Doch selbst im direkten Vergleich muss man genau hinsehen, um Unterschiede festzustellen. Auch Fernsehexperte Albrecht Gasteiner kürt keinen eindeutigen Sieger: «Das ist ein bisschen wie die Frage ‹Benzin oder Diesel?›. Hier wie dort gilt: Jedes System hat seine Eigenheiten. Und welche man für sich selbst wichtig findet, ist individuell verschieden.» Daraus darf man ableiten, dass man sich für den Entscheid nicht auf die technischen Details, sondern auf seine Augen verlassen sollte. Am besten nimmt man seine Favoriten im Fachgeschäft in Augenschein.

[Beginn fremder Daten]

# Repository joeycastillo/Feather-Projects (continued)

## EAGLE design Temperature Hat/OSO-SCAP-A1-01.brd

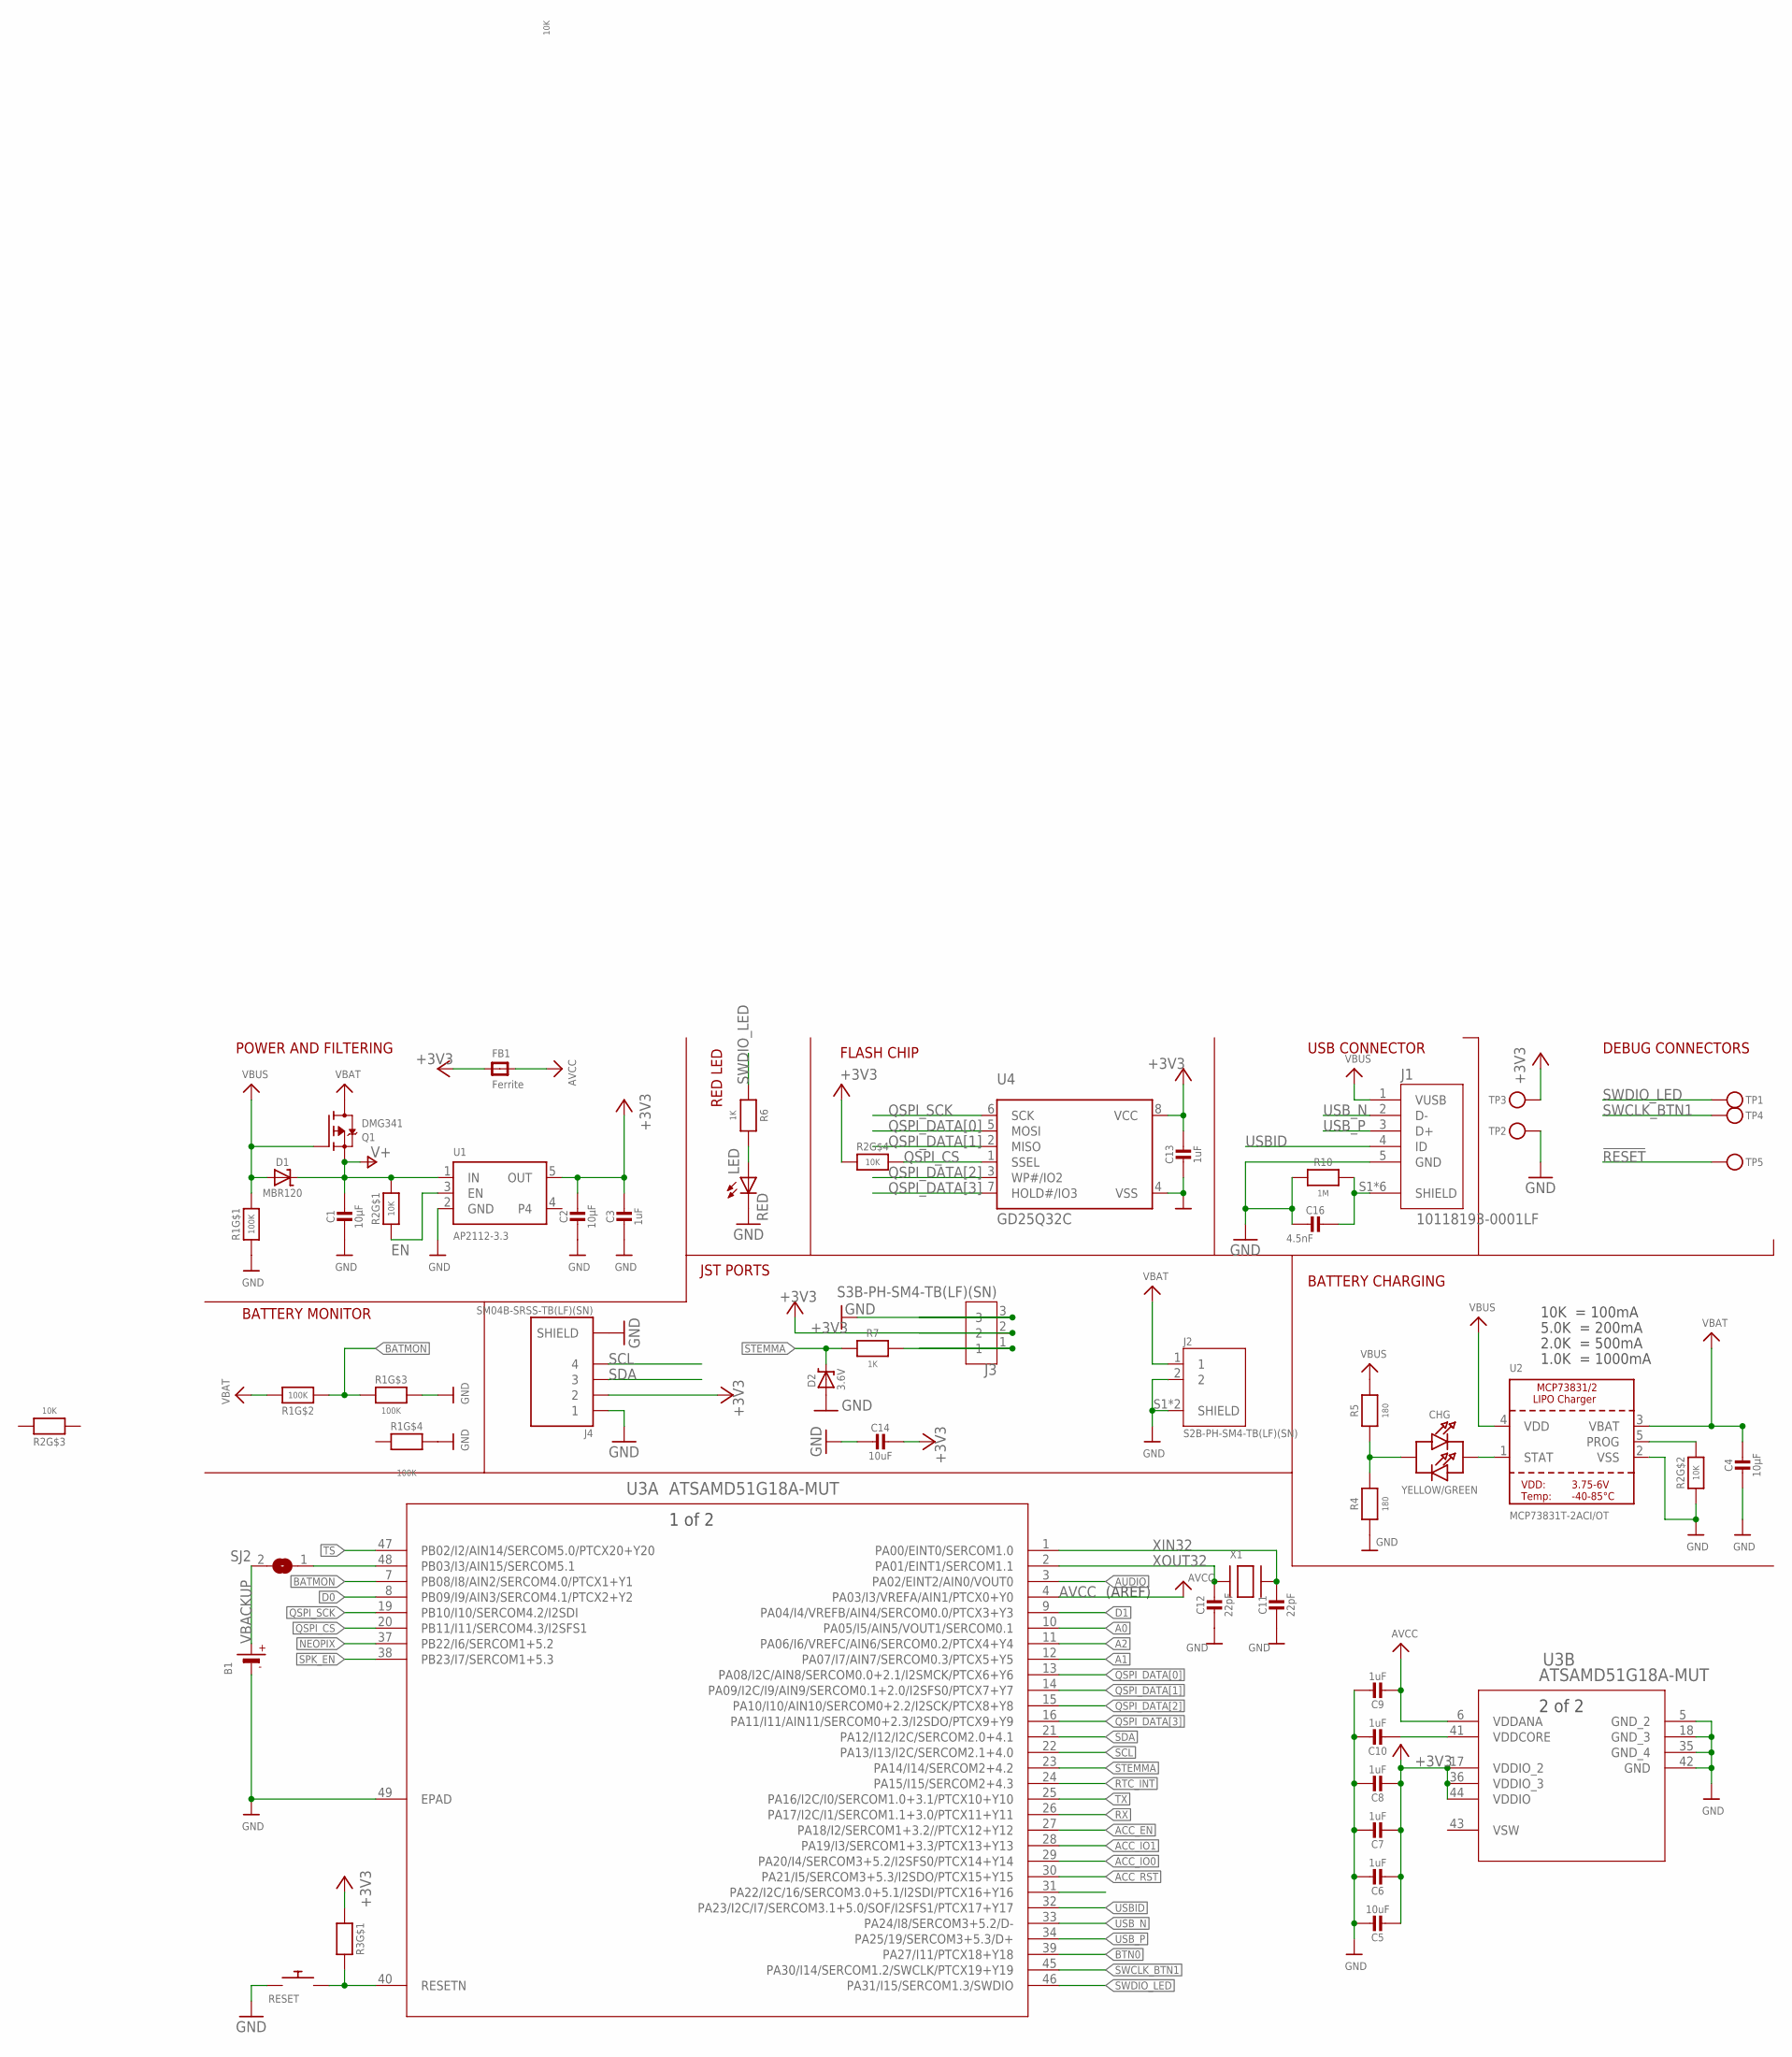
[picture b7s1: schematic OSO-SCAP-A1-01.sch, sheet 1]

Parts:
B1: CR1220; CR1220-2
C1, C2, C4: 10µF; 0805-NO
C3, C6, C7, C8, C13: 1uF; 0805-NO
C5: 10uF; 0805_10MGAP
C9, C10: 1uF; 0805_10MGAP
C11, C12: 22pF; 0805-NO
C14: 10uF; 0805-NO
C16: 4.5nF; 0805-NO
CHG: YELLOW/GREEN; CHIPLED_1206
D1: MBR120; SOD-123
D2: 3.6V; SOD-123
FB1: Ferrite; _0805MP
J1: 10118193-0001LF; FCI_10118193-0001LF
J2: S2B-PH-SM4-TB(LF)(SN); JST_S2B-PH-SM4-TB(LF)(SN)
J3: S3B-PH-SM4-TB(LF)(SN); JST_S3B-PH-SM4-TB(LF)(SN)
J4: SM04B-SRSS-TB(LF)(SN); JST_SM04B-SRSS-TB(LF)(SN)
LED: RED; CHIPLED_1206
Q1: DMG341; SOT23-R
R1: 100K; EXBV8V
R2, R3: 10K; EXBV8V
R4, R5: 180; 0805-NO
R6, R7: 1K; 0805-NO
R10: 1M; 0805-NO
RESET: SWITCH_PUSHBUTTONC&K_KSS; BTN_CK_KSS
SJ2: SOLDERJUMPERREFLOW_NOPASTE; SOLDERJUMPER_REFLOW_NOPASTE
TP1, TP2, TP3, TP4, TP5: TESTPOINTROUND1.5MMNO; TESTPOINT_ROUND_1.5MM_NO
U1: AP2112-3.3; SOT23-5
U2: MCP73831T-2ACI/OT; SOT23-5
U3: ATSAMD51G18A-MUT; QFN48_7X7MC
U4: GD25Q32C; MICROBUILDER_SOIC8_150MIL
X1: XTAL-3.2X1.5; XTAL3215

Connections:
!RESET: R3.8 (2), RESET.P$2, TP5.P$1, U3.40 (RESETN)
+3V3: C2.1, C3.1, C5.2, C6.2, C7.2, C8.2, C13.1, C14.1, FB1.1, J3.2, J4.2, R2.4 (1), R3.1, TP3.P$1, U1.5 (OUT), U3.17 (VDDIO_2), U3.36 (VDDIO_3), U3.44 (VDDIO), U4.8 (VCC); also elsewhere on the board
A0: U3.10 (PA05/I5/AIN5/VOUT1/SERCOM0.1); also elsewhere on the board
A1: U3.12 (PA07/I7/AIN7/SERCOM0.3/PTCX5+Y5); also elsewhere on the board
A2: U3.11 (PA06/I6/VREFC/AIN6/SERCOM0.2/PTCX4+Y4); also elsewhere on the board
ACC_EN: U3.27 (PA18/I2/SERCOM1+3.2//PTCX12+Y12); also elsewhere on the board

Ist das Fernsehen bald passé?

Bleibt die Frage, ob das herkömmliche Fernsehen überhaupt eine Zukunft hat. Oder wird die Unterhaltung virtuell? Albrecht Gasteiner ist skeptisch, weil schon frühere technische Revolutionen nie im Massenmarkt angekommen sind: «Ob 3-D, Surroundsound oder Dolby Atmos, Revolutionsversuche waren immer zu teuer und zu unpraktisch. Hätten Sie gerne zweiundzwanzig Lautsprecher im Wohnzimmer? Die Familienmitglieder mit dichten Taucherbrillen voneinander abgeschlossen?» Virtual-Reality-Brillen vermitteln intensive Eindrücke. Doch sie werden es auch weiterhin nur in der Nische tun: «Das klassische Fernsehen wird auch weiterhin die Familie fasziniert vor dem Bildschirm versammeln», davon ist Gasteiner überzeugt.

Mit UHD bekommt der Fernsehzuschauer noch mehr Details zu sehen. Im Bild: Ein tschechischer Spieler feiert ein Tor gegen Costa Rica.